Он хотел нарисовать дракона. Сильного, большого, который мог бы защитить всех, кому страшно. Но вместо этого карандаш сам собой начал выводить что-то другое: мальчика, сидящего на больничной койке, сжавшегося, с опущенной головой. Вова рисовал и чувствовал, как что-то меняется внутри. Злость, которая копилась месяцами, вдруг стала не такой важной. А на её место приходило другое — не жалость даже, а что-то большее, от чего перехватывало дыхание.
Он рисовал долго, почти до ночи. А когда закончил, посмотрел на рисунок: мальчик на койке, и рядом с ним — большой крылатый дракон, который положил голову ему на колени, и в глазах у дракона не было ярости, только тихая, огромная печаль.

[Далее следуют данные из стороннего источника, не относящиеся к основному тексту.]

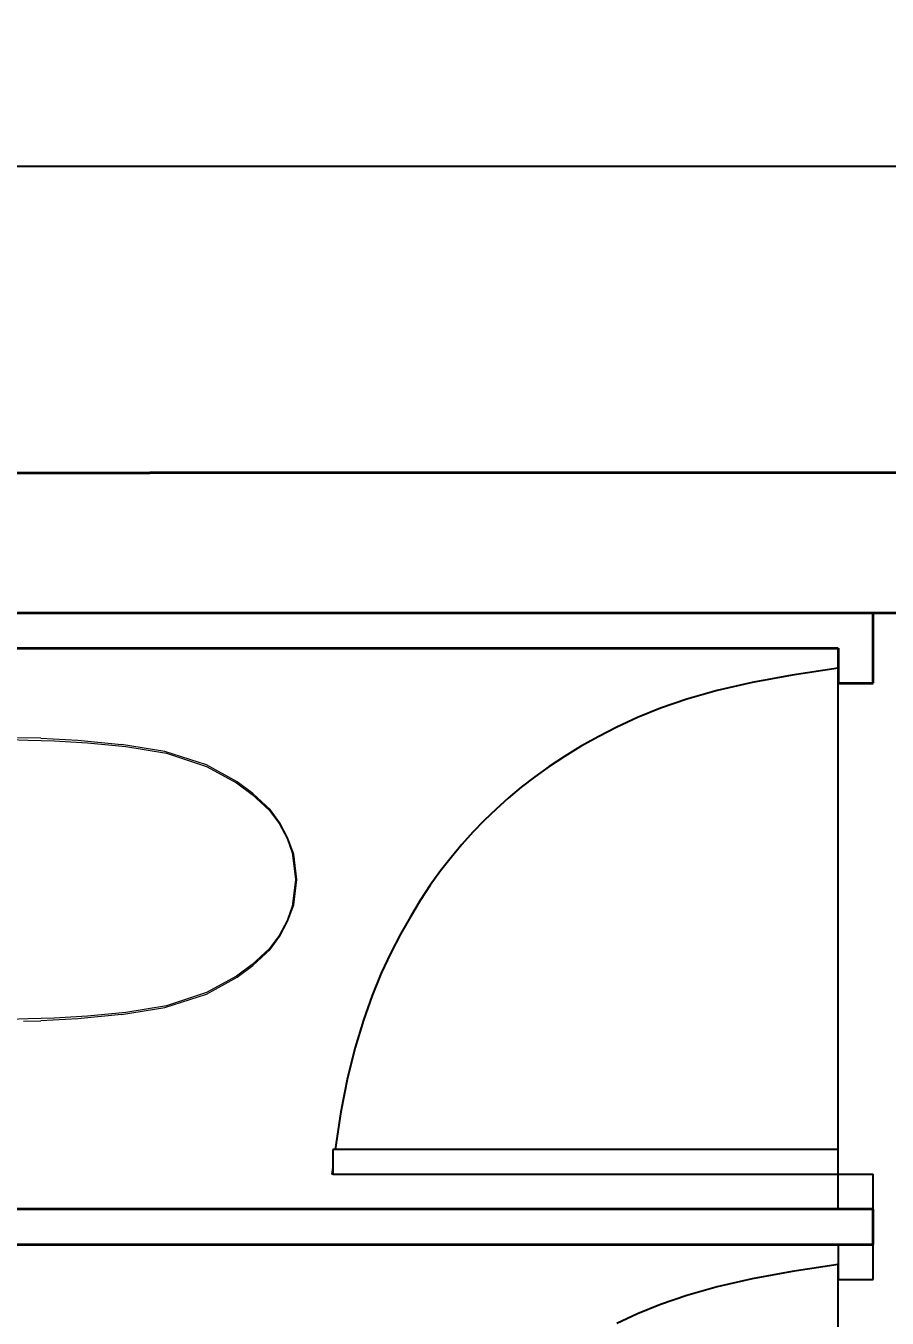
# Model space of a CAD drawing. Header units: millimetres. Extents: x 6923 to 14208, y 3430 to 4414.
# Drawn here: x 13077.8 to 13133.1, y 4245.1 to 4328 of the extents above; entities that cross this region are included whole.
import ezdxf

# ---------------------------------------------------------------- set-up
doc = ezdxf.new("R2010")
doc.units = ezdxf.units.MM
doc.layers.get('Defpoints').update_dxf_attribs({"color": 250})
for name, color, linetype, lineweight in [('dimension', 6, 'Continuous', 15), ('door', 104, 'Continuous', 25), ('Furniture', 252, 'Continuous', 0), ('wall', 160, 'Continuous', 35)]:
    doc.layers.add(name, color=color, linetype=linetype, lineweight=lineweight)
doc.layers.add('SectionCutEdges', color=7, linetype='Continuous')
doc.styles.get("Standard").update_dxf_attribs({"font": 'arial.ttf'})
doc.dimstyles.new('1 to 8', dxfattribs={"dimscale": 96, "dimtxt": 0.09375, "dimasz": 0.09375, "dimexe": 0.09375, "dimexo": 0.09375, "dimgap": 0.015625, "dimtad": 0, "dimtih": 1, "dimtoh": 1, "dimdec": 0, "dimrnd": 0.09375, "dimzin": 3, "dimdsep": 46, "dimlunit": 4, "dimtxsty": 'Standard', "dimcen": 0.09375, "dimadec": 0, "dimazin": 0, "dimtfac": 1, "dimtdec": 0, "dimtofl": 0, "dimtmove": 0, "dimatfit": 3, "dimfxl": 0.09375, "dimfxlon": 1, "dimtolj": 1, "dimtzin": 0, "dimarcsym": 0})

# ---------------------------------------------------------------- blocks, each defined once
blk = doc.blocks.new('*D85')
at = {"layer": 'Defpoints', "color": 0, "transparency": 16777216}
for p in [(13244.803, 4319.027), (13244.803, 4290.328), (13064.641, 4288.076)]:
    blk.add_point(p, dxfattribs=at)
at = {"layer": 'dimension', "color": 0, "lineweight": -2, "transparency": 16777216}
for p, q in [((13064.641, 4310.027), (13064.641, 4328.027)), ((13244.803, 4310.027), (13244.803, 4328.027)), ((13073.641, 4319.027), (13138.187, 4319.027)), ((13235.803, 4319.027), (13171.257, 4319.027))]:
    blk.add_line(p, q, dxfattribs=at)
at = {"layer": 'dimension', "color": 0, "transparency": 16777216}
for points in [[(13073.641, 4320.527), (13073.641, 4317.527), (13064.641, 4319.027)], [(13235.803, 4320.527), (13235.803, 4317.527), (13244.803, 4319.027)]]:
    blk.add_solid(points, dxfattribs=at)
at = {"layer": 'dimension', "color": 0, "transparency": 16777216, "insert": (13154.722, 4319.027), "char_height": 9, "attachment_point": 5}
blk.add_mtext('\\A1;15\'-0"', dxfattribs=at)

msp = doc.modelspace()

# ---------------------------------------------------------------- linework, layer by layer
at = {"layer": 'door'}
for p, q in [((13129.95, 4254.295), (13129.95, 4286.782)), ((13097.52, 4255.872), (13097.52, 4254.295)), ((13129.95, 4255.872), (13097.52, 4255.872)), ((13097.52, 4254.733), (13097.463, 4254.295)), ((13097.52, 4254.295), (13097.463, 4254.295)), ((13097.52, 4254.295), (13129.95, 4254.295)), ((13129.95, 4254.295), (13132.202, 4254.295)), ((13129.95, 4252.043), (13129.95, 4254.295)), ((13132.202, 4252.043), (13132.202, 4254.295)), ((13129.95, 4249.791), (13129.95, 4247.539)), ((13132.202, 4247.539), (13132.202, 4249.791)), ((13129.95, 4216.011), (13129.95, 4248.498)), ((13129.95, 4247.539), (13132.202, 4247.539))]:
    msp.add_line(p, q, dxfattribs=at)
for points in [[(13129.95, 4286.782), (13127, 4286.344), (13124.428, 4285.862), (13122.192, 4285.344), (13120.249, 4284.793), (13118.555, 4284.216), (13117.068, 4283.618), (13115.745, 4283.004), (13114.544, 4282.381), (13113.427, 4281.751), (13112.382, 4281.114), (13111.401, 4280.468), (13110.479, 4279.81), (13109.609, 4279.137), (13108.783, 4278.447), (13107.995, 4277.737), (13107.239, 4277.006), (13106.507, 4276.249), (13105.798, 4275.462), (13105.108, 4274.636), (13104.435, 4273.765), (13103.777, 4272.844), (13103.131, 4271.863), (13102.494, 4270.818), (13101.864, 4269.701), (13101.241, 4268.503), (13100.63, 4267.202), (13100.04, 4265.773), (13099.478, 4264.193), (13098.952, 4262.437), (13098.47, 4260.482), (13098.04, 4258.301), (13097.67, 4255.872)], [(13129.95, 4248.498), (13127, 4248.059), (13124.428, 4247.578), (13122.192, 4247.059), (13120.249, 4246.509), (13118.555, 4245.932), (13117.068, 4245.333), (13115.745, 4244.72)]]:
    msp.add_lwpolyline(points, dxfattribs=at)
at = {"layer": 'Furniture'}
for p, q in [((13078.779, 4282.282), (13077.278, 4282.316)), ((13078.779, 4282.282), (13081.147, 4282.154)), ((13076.749, 4282.202), (13077.97, 4282.159)), ((13077.97, 4282.159), (13079.635, 4282.118)), ((13079.635, 4282.118), (13081.779, 4282.001)), ((13081.147, 4282.154), (13083.947, 4281.878)), ((13081.779, 4282.001), (13084.234, 4281.748)), ((13086.744, 4281.437), (13083.947, 4281.878)), ((13084.234, 4281.748), (13086.834, 4281.321)), ((13089.418, 4280.58), (13086.744, 4281.437)), ((13086.834, 4281.321), (13089.413, 4280.48)), ((13089.413, 4280.48), (13091.337, 4279.417)), ((13091.379, 4279.492), (13089.418, 4280.58)), ((13091.337, 4279.417), (13092.351, 4278.673)), ((13092.384, 4278.748), (13091.379, 4279.492)), ((13092.351, 4278.673), (13093.44, 4277.661)), ((13093.492, 4277.706), (13092.384, 4278.748)), ((13093.44, 4277.661), (13094.073, 4276.806)), ((13094.119, 4276.857), (13093.492, 4277.706)), ((13094.073, 4276.806), (13094.577, 4275.856)), ((13094.639, 4275.876), (13094.119, 4276.857)), ((13094.577, 4275.856), (13094.909, 4274.922)), ((13094.973, 4274.945), (13094.639, 4275.876)), ((13094.909, 4274.922), (13095.113, 4273.217)), ((13094.973, 4274.945), (13094.987, 4274.841)), ((13094.987, 4274.841), (13095.197, 4273.217)), ((13095.113, 4273.217), (13094.909, 4271.513)), ((13095.197, 4273.217), (13094.987, 4271.594)), ((13094.909, 4271.513), (13094.577, 4270.579)), ((13094.639, 4270.559), (13094.973, 4271.49)), ((13094.987, 4271.594), (13094.973, 4271.49)), ((13094.577, 4270.579), (13094.073, 4269.629)), ((13094.119, 4269.578), (13094.639, 4270.559)), ((13094.073, 4269.629), (13093.44, 4268.774)), ((13093.492, 4268.729), (13094.119, 4269.578)), ((13093.44, 4268.774), (13092.351, 4267.762)), ((13092.384, 4267.687), (13093.492, 4268.729)), ((13092.351, 4267.762), (13091.337, 4267.018)), ((13091.379, 4266.943), (13092.384, 4267.687)), ((13091.337, 4267.018), (13089.413, 4265.955)), ((13089.418, 4265.855), (13091.379, 4266.943)), ((13086.744, 4264.998), (13089.418, 4265.855)), ((13089.413, 4265.955), (13086.834, 4265.114)), ((13083.947, 4264.557), (13086.744, 4264.998)), ((13086.834, 4265.114), (13084.234, 4264.687)), ((13077.97, 4264.276), (13076.749, 4264.233)), ((13077.655, 4264.128), (13078.779, 4264.153)), ((13079.635, 4264.317), (13077.97, 4264.276)), ((13081.147, 4264.281), (13078.779, 4264.153)), ((13081.779, 4264.434), (13079.635, 4264.317)), ((13083.947, 4264.557), (13081.147, 4264.281)), ((13084.234, 4264.687), (13081.779, 4264.434))]:
    msp.add_line(p, q, dxfattribs=at)
at = {"layer": 'SectionCutEdges'}
msp.add_line((13129.95, 4254.295), (13129.95, 4255.872), dxfattribs=at)
at = {"layer": 'wall'}
for p, q in [((13075.706, 4299.328), (13085.771, 4299.328)), ((13075.706, 4299.328), (13085.771, 4299.328)), ((13132.202, 4290.328), (13064.641, 4290.328)), ((13132.202, 4285.824), (13132.202, 4290.328)), ((13064.641, 4288.076), (13129.95, 4288.076)), ((13129.95, 4288.076), (13129.95, 4285.824)), ((13129.95, 4285.824), (13132.202, 4285.824)), ((13078.547, 4252.043), (13064.641, 4252.043)), ((13078.634, 4252.043), (13078.547, 4252.043)), ((13078.882, 4252.043), (13078.634, 4252.043)), ((13079.253, 4252.043), (13078.882, 4252.043)), ((13079.691, 4252.043), (13079.253, 4252.043)), ((13080.129, 4252.043), (13079.691, 4252.043)), ((13080.5, 4252.043), (13080.129, 4252.043)), ((13080.748, 4252.043), (13080.5, 4252.043)), ((13080.835, 4252.043), (13080.748, 4252.043)), ((13086.555, 4252.043), (13080.835, 4252.043)), ((13086.642, 4252.043), (13086.555, 4252.043)), ((13086.89, 4252.043), (13086.642, 4252.043)), ((13087.262, 4252.043), (13086.89, 4252.043)), ((13087.699, 4252.043), (13087.262, 4252.043)), ((13088.137, 4252.043), (13087.699, 4252.043)), ((13088.508, 4252.043), (13088.137, 4252.043)), ((13088.756, 4252.043), (13088.508, 4252.043)), ((13088.843, 4252.043), (13088.756, 4252.043)), ((13129.95, 4252.043), (13088.843, 4252.043)), ((13132.202, 4252.043), (13129.95, 4252.043)), ((13132.202, 4249.791), (13132.202, 4252.043)), ((13064.641, 4249.791), (13129.95, 4249.791)), ((13129.95, 4249.791), (13132.202, 4249.791))]:
    msp.add_line(p, q, dxfattribs=at)
for points in [[(14056.58, 3669.407), (14056.58, 4299.328), (13085.771, 4299.328)], [(13484.803, 4290.328), (13085.771, 4290.328)], [(14047.58, 4007.328), (14047.58, 4290.328), (13085.771, 4290.328)]]:
    msp.add_lwpolyline(points, dxfattribs=at)

# ---------------------------------------------------------------- dimensions: what is measured, and where the dimension line sits
at = {"layer": 'dimension', "color": 219, "true_color": 0x642165}
dim = msp.add_linear_dim(base=(13244.803, 4319.027), p1=(13064.641, 4288.076), p2=(13244.803, 4290.328), dimstyle='1 to 8', dxfattribs=at)
dim.commit()
dim.dimension.update_dxf_attribs({"geometry": '*D85', "text_midpoint": (13154.722, 4319.027)})

doc.saveas('drawing.dxf')

Вова закрыл альбом, выключил свет и лёг. За стеной тихо работал телевизор — мама смотрела какой-то сериал, чтобы не думать о плохом. А он лежал, смотрел в потолок и слушал, как за окном шуршит снег, падающий с веток.
И ему казалось, что где-то там, за этой тонкой гранью, его тоже слышат. И видят. И, может быть, утром всё будет немного легче.
Где-то в детской больнице Рома сидел на той самой койке, которую Вова нарисовал, даже не зная, как она выглядит. Сидел, обхватив колени руками, и смотрел в дверь, за которой уже стихла суета. Рядом на тумбочке лежал заряженный телефон, но звонить было некому. Он думал о том, что завтра в школе, наверное, уже всё знают. И что Лёшка, наверное, молчит, потому что не знает, что сказать. И что тот Вовка, которого он так травил, узнает и, наверное, обрадуется.
Рома закрыл глаза и почувствовал, как по щекам снова текут слёзы — тихие, беззвучные, которые нельзя остановить. И ему показалось, что в темноте, у изголовья, кто-то есть. Кто-то большой, тёплый, кто не спрашивает, не осуждает, просто дышит рядом, и от этого становится чуть легче.
А в Белой башне Даль отняла руку от карты, где две точки — одна в панельной пятиэтажке, другая в больнице — пульсировали в такт.
— Он его нарисовал, — сказала девочка тихо, и в голосе её было удивление. — Он никогда раньше не рисовал чужих.
Лот, стоявший у окна, обернулся.
— Может, это начало, — сказал он задумчиво. — Может, он учится видеть не только себя.
Джулия, сидевшая в углу, подняла голову и посмотрела в сторону мира, где в маленькой комнате спал мальчик, а рядом с ним на столе лежал альбом с рисунком мальчика и дракона.
— Он растёт, — сказала она просто. — И это, наверное, самое главное.
В башне погас свет, оставив только мерцание светлячков. И где-то далеко, в городе, который спал, укрывшись снегом, двое мальчиков не могли уснуть, каждый думал о своём, и оба чувствовали, что мир стал чуть больше, чем вчера. И чуть сложнее. И чуть светлее.
Вова не смог уснуть.
Он лежал на спине, глядя в потолок, где лунный свет рисовал причудливые тени — ветки старой берёзы качались за окном, и их дрожащие пальцы скребли по стеклу, словно хотели достучаться. Он перевернулся на бок, потом на живот, зарылся лицом в подушку, но сон не шёл. Мысли крутились, как заевшая пластинка, возвращаясь к одному и тому же.
Вова смотрел на луну — большую, жёлтую, низкую, которая висела над крышами домов, как фонарь, забытый на чердаке. Он думал о мальчике, который сегодня не пришёл в школу. О том, что сейчас Рома, наверное, сидит в больничном коридоре или лежит на чужой койке, и вокруг него чужие люди, чужие стены, чужой запах лекарств и страха. И мамы рядом нет.